Figure 5. Differential expression of surface receptors on monocyte subsets.

(a) Representative overlaid histograms of eight different surface markers showing differential expression between monocyte subsets. Histograms were created using FlowJo software. (b) Different monocyte subtypes showing expression of a specific repertoire of surface antigens. Assessment of statistical significance was performed by one-way ANOVA followed by Bonferroni’s post-test. Data are mean ± S.E.M. of seven normal subjects. *P < 0.05, **P < 0.01, ***P < 0.001. MFI: Median Fluorescence Intensity.

Figure 6. Functional analysis of human monocyte subsets.

(a) Representative contour plots of monocyte subsets showing unchanged relative percentages even after 6 hours of LPS stimulation. (b) Analysis of cytokine production by monocyte subsets. Whole blood was left untreated or treated with LPS for the indicated time points along with Brefeldin A at a final concentration of 3 μg/ml to prevent secretion and stained for intracellular cytokines along with surface markers for exclusion gating as described previously. Brefeldin A was added one hour prior to termination of culture at each time point. Top panel shows representative overlaid histograms whereas bottom panel data are represented as mean ± SEM of normalized fold change over untreated samples obtained from five donors. *P < 0.05, **P < 0.01, ***P < 0.001 from one-way ANOVA followed by Bonferroni’s post-test. MFI: Median Fluorescence Intensity. (c) Differential phagocytic function of monocyte subsets as demonstrated by uptake of GFP-expressing E.coli under normal conditions as well as post activation with LPS. Whole blood was incubated with or without live bacteria for 30 minutes followed by staining for surface markers. Statistical significance was assessed either by one-way (left panel) or two-way (right panel) ANOVA followed by Bonferroni’s post-test. *P < 0.05, **P < 0.01, ***P < 0.001. (d) Principal components analysis and hierarchical clustering of untreated and LPS stimulated monocytes showing relationship between three monocyte subsets. Median fluorescence intensities obtained from CD14, CD16, TLR2, TLR4, TLR5, CD80, CD86, CD36, CD163, HLA-DR, IL-1β, TNF-α and IL-10 staining were used as parameters for principal components analysis and clustering.

Figure 7. Expansion of CD16 positive monocytes during inflammatory diseases.

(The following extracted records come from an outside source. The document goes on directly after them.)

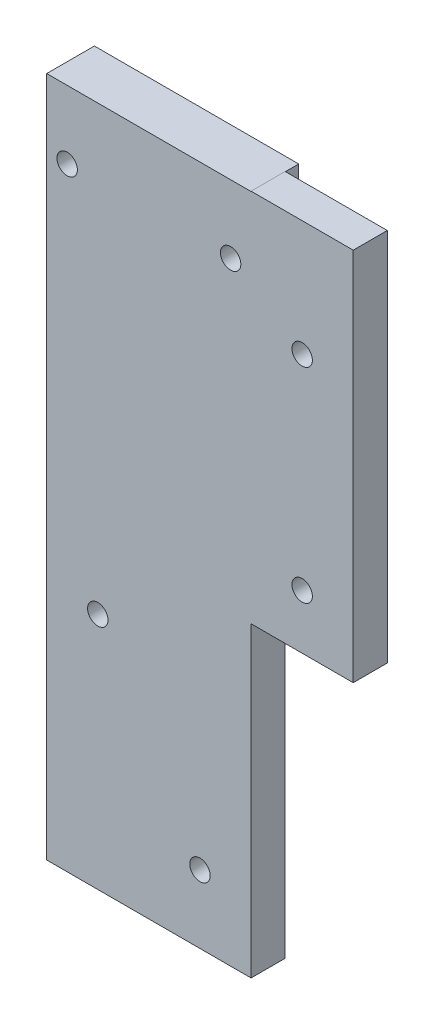
ISO-10303-21;
HEADER;
FILE_DESCRIPTION(('STEP AP214'),'2;1');
FILE_NAME('part.step','',(''),(''),'','','');
FILE_SCHEMA(('AUTOMOTIVE_DESIGN { 1 0 10303 214 1 1 1 1 }'));
ENDSEC;
DATA;
#1=APPLICATION_CONTEXT('core data for automotive mechanical design processes');
#2=APPLICATION_PROTOCOL_DEFINITION('international standard','automotive_design',2000,#1);
#3=PRODUCT_CONTEXT('',#1,'mechanical');
#4=PRODUCT('Part','Part','',(#3));
#5=PRODUCT_RELATED_PRODUCT_CATEGORY('part','',(#4));
#6=PRODUCT_DEFINITION_FORMATION('','',#4);
#7=PRODUCT_DEFINITION_CONTEXT('part definition',#1,'design');
#8=PRODUCT_DEFINITION('design','',#6,#7);
#9=PRODUCT_DEFINITION_SHAPE('','',#8);
#10=(LENGTH_UNIT() NAMED_UNIT(*) SI_UNIT(.MILLI.,.METRE.));
#11=(NAMED_UNIT(*) PLANE_ANGLE_UNIT() SI_UNIT($,.RADIAN.));
#12=(NAMED_UNIT(*) SI_UNIT($,.STERADIAN.) SOLID_ANGLE_UNIT());
#13=UNCERTAINTY_MEASURE_WITH_UNIT(LENGTH_MEASURE(1.E-05),#10,'distance_accuracy_value','');
#14=(GEOMETRIC_REPRESENTATION_CONTEXT(3) GLOBAL_UNCERTAINTY_ASSIGNED_CONTEXT((#13)) GLOBAL_UNIT_ASSIGNED_CONTEXT((#10,
#11,#12)) REPRESENTATION_CONTEXT('',''));
#15=CARTESIAN_POINT('',(0.,0.,0.));
#16=DIRECTION('',(0.,0.,1.));
#17=DIRECTION('',(1.,0.,0.));
#18=AXIS2_PLACEMENT_3D('',#15,#16,#17);
#19=CARTESIAN_POINT('',(95.4540410385415,-1005.00000000001,7.));
#20=DIRECTION('',(-1.,0.,0.));
#21=DIRECTION('',(0.,0.,1.));
#22=AXIS2_PLACEMENT_3D('',#19,#20,#21);
#23=PLANE('',#22);
#24=DIRECTION('',(0.,1.,0.));
#25=VECTOR('',#24,1.);
#26=CARTESIAN_POINT('',(95.4540410385415,-1004.95609231179,2.));
#27=LINE('',#26,#25);
#28=CARTESIAN_POINT('',(95.4540410385415,-1030.00000000001,2.));
#29=VERTEX_POINT('',#28);
#30=CARTESIAN_POINT('',(95.4540410385415,-1005.00000000001,2.));
#31=VERTEX_POINT('',#30);
#32=EDGE_CURVE('E11',#29,#31,#27,.T.);
#33=ORIENTED_EDGE('',*,*,#32,.F.);
#34=DIRECTION('',(0.,0.,1.));
#35=VECTOR('',#34,1.);
#36=CARTESIAN_POINT('',(95.4540410385415,-1030.00000000001,0.));
#37=LINE('',#36,#35);
#38=CARTESIAN_POINT('',(95.4540410385415,-1030.00000000001,0.));
#39=VERTEX_POINT('',#38);
#40=EDGE_CURVE('E193',#39,#29,#37,.T.);
#41=ORIENTED_EDGE('',*,*,#40,.F.);
#42=DIRECTION('',(0.,-1.,0.));
#43=VECTOR('',#42,1.);
#44=CARTESIAN_POINT('',(95.4540410385415,-1005.00000000001,0.));
#45=LINE('',#44,#43);
#46=CARTESIAN_POINT('',(95.4540410385415,-1005.00000000001,0.));
#47=VERTEX_POINT('',#46);
#48=EDGE_CURVE('E177',#47,#39,#45,.T.);
#49=ORIENTED_EDGE('',*,*,#48,.F.);
#50=DIRECTION('',(0.,0.,-1.));
#51=VECTOR('',#50,1.);
#52=CARTESIAN_POINT('',(95.4540410385415,-1005.00000000001,7.));
#53=LINE('',#52,#51);
#54=EDGE_CURVE('E65',#31,#47,#53,.T.);
#55=ORIENTED_EDGE('',*,*,#54,.F.);
#56=EDGE_LOOP('',(#33,#41,#49,#55));
#57=FACE_BOUND('',#56,.T.);
#58=ADVANCED_FACE('F39',(#57),#23,.F.);
#59=DIRECTION('',(0.,0.,-1.));
#60=VECTOR('',#59,1.);
#61=CARTESIAN_POINT('',(95.4540410385415,-1059.95609231179,7.));
#62=LINE('',#61,#60);
#63=CARTESIAN_POINT('',(95.4540410385415,-1059.95609231179,7.));
#64=VERTEX_POINT('',#63);
#65=CARTESIAN_POINT('',(95.4540410385415,-1059.95609231179,2.));
#66=VERTEX_POINT('',#65);
#67=EDGE_CURVE('E57',#64,#66,#62,.T.);
#68=ORIENTED_EDGE('',*,*,#67,.F.);
#69=DIRECTION('',(0.,1.,0.));
#70=VECTOR('',#69,1.);
#71=CARTESIAN_POINT('',(95.4540410385415,-1015.00000000001,7.));
#72=LINE('',#71,#70);
#73=CARTESIAN_POINT('',(95.4540410385415,-1105.00000000001,7.));
#74=VERTEX_POINT('',#73);
#75=EDGE_CURVE('E146',#74,#64,#72,.T.);
#76=ORIENTED_EDGE('',*,*,#75,.F.);
#77=DIRECTION('',(0.,0.,-1.));
#78=VECTOR('',#77,1.);
#79=CARTESIAN_POINT('',(95.4540410385415,-1105.00000000001,7.));
#80=LINE('',#79,#78);
#81=CARTESIAN_POINT('',(95.4540410385415,-1105.00000000001,2.));
#82=VERTEX_POINT('',#81);
#83=EDGE_CURVE('E215',#74,#82,#80,.T.);
#84=ORIENTED_EDGE('',*,*,#83,.T.);
#85=DIRECTION('',(0.,1.,0.));
#86=VECTOR('',#85,1.);
#87=CARTESIAN_POINT('',(95.4540410385415,-1005.00000000001,2.));
#88=LINE('',#87,#86);
#89=EDGE_CURVE('E209',#82,#66,#88,.T.);
#90=ORIENTED_EDGE('',*,*,#89,.T.);
#91=EDGE_LOOP('',(#68,#76,#84,#90));
#92=FACE_BOUND('',#91,.T.);
#93=ADVANCED_FACE('F271',(#92),#23,.F.);
#94=CARTESIAN_POINT('',(95.4540410385415,-1105.00000000001,7.));
#95=DIRECTION('',(0.,1.,0.));
#96=DIRECTION('',(0.,0.,1.));
#97=AXIS2_PLACEMENT_3D('',#94,#95,#96);
#98=PLANE('',#97);
#99=DIRECTION('',(1.,0.,0.));
#100=VECTOR('',#99,1.);
#101=CARTESIAN_POINT('',(95.4540410385415,-1105.00000000001,2.));
#102=LINE('',#101,#100);
#103=CARTESIAN_POINT('',(65.4540410385416,-1105.00000000001,2.));
#104=VERTEX_POINT('',#103);
#105=EDGE_CURVE('E196',#104,#82,#102,.T.);
#106=ORIENTED_EDGE('',*,*,#105,.T.);
#107=ORIENTED_EDGE('',*,*,#83,.F.);
#108=DIRECTION('',(1.,0.,0.));
#109=VECTOR('',#108,1.);
#110=CARTESIAN_POINT('',(95.4540410385415,-1105.00000000001,7.));
#111=LINE('',#110,#109);
#112=CARTESIAN_POINT('',(65.4540410385416,-1105.00000000001,7.));
#113=VERTEX_POINT('',#112);
#114=EDGE_CURVE('E199',#113,#74,#111,.T.);
#115=ORIENTED_EDGE('',*,*,#114,.F.);
#116=DIRECTION('',(0.,0.,-1.));
#117=VECTOR('',#116,1.);
#118=CARTESIAN_POINT('',(65.4540410385416,-1105.00000000001,7.));
#119=LINE('',#118,#117);
#120=EDGE_CURVE('E48',#113,#104,#119,.T.);
#121=ORIENTED_EDGE('',*,*,#120,.T.);
#122=EDGE_LOOP('',(#106,#107,#115,#121));
#123=FACE_BOUND('',#122,.T.);
#124=ADVANCED_FACE('F41',(#123),#98,.F.);
#125=CARTESIAN_POINT('',(65.4540410385416,-1005.00000000001,7.));
#126=DIRECTION('',(0.,-1.,0.));
#127=DIRECTION('',(0.,0.,-1.));
#128=AXIS2_PLACEMENT_3D('',#125,#126,#127);
#129=PLANE('',#128);
#130=CARTESIAN_POINT('',(95.4540410385415,-1005.00000000001,7.));
#131=VERTEX_POINT('',#130);
#132=EDGE_CURVE('E213',#131,#31,#53,.T.);
#133=ORIENTED_EDGE('',*,*,#132,.T.);
#134=ORIENTED_EDGE('',*,*,#54,.T.);
#135=DIRECTION('',(1.,0.,0.));
#136=VECTOR('',#135,1.);
#137=CARTESIAN_POINT('',(95.4540410385415,-1005.00000000001,0.));
#138=LINE('',#137,#136);
#139=CARTESIAN_POINT('',(65.4540410385416,-1005.00000000001,0.));
#140=VERTEX_POINT('',#139);
#141=EDGE_CURVE('E185',#140,#47,#138,.T.);
#142=ORIENTED_EDGE('',*,*,#141,.F.);
#143=DIRECTION('',(0.,0.,-1.));
#144=VECTOR('',#143,1.);
#145=CARTESIAN_POINT('',(65.4540410385416,-1005.00000000001,7.));
#146=LINE('',#145,#144);
#147=CARTESIAN_POINT('',(65.4540410385416,-1005.00000000001,7.));
#148=VERTEX_POINT('',#147);
#149=EDGE_CURVE('E206',#148,#140,#146,.T.);
#150=ORIENTED_EDGE('',*,*,#149,.F.);
#151=DIRECTION('',(-1.,0.,0.));
#152=VECTOR('',#151,1.);
#153=CARTESIAN_POINT('',(65.4540410385416,-1005.00000000001,7.));
#154=LINE('',#153,#152);
#155=EDGE_CURVE('E203',#131,#148,#154,.T.);
#156=ORIENTED_EDGE('',*,*,#155,.F.);
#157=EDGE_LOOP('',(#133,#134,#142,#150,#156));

(a) Representative bivariate scatterplots of monocyte subset percentage showing comparison of sepsis and SLE patients with their respective age and sex matched healthy controls. (b) Comparison of monocyte subsets (percentage) between healthy subjects (n = 9) and Sepsis patients (n = 11). (b) Analysis of monocyte subsets on Day 1 and Day 5 (post treatment) of Sepsis patients (n = 3). (c) Comparison of monocyte subsets (percentage) between healthy subjects (n = 13) and SLE patients (n = 10). *P < 0.05, **P < 0.01, ***P < 0.001 assessed by unpaired t-test.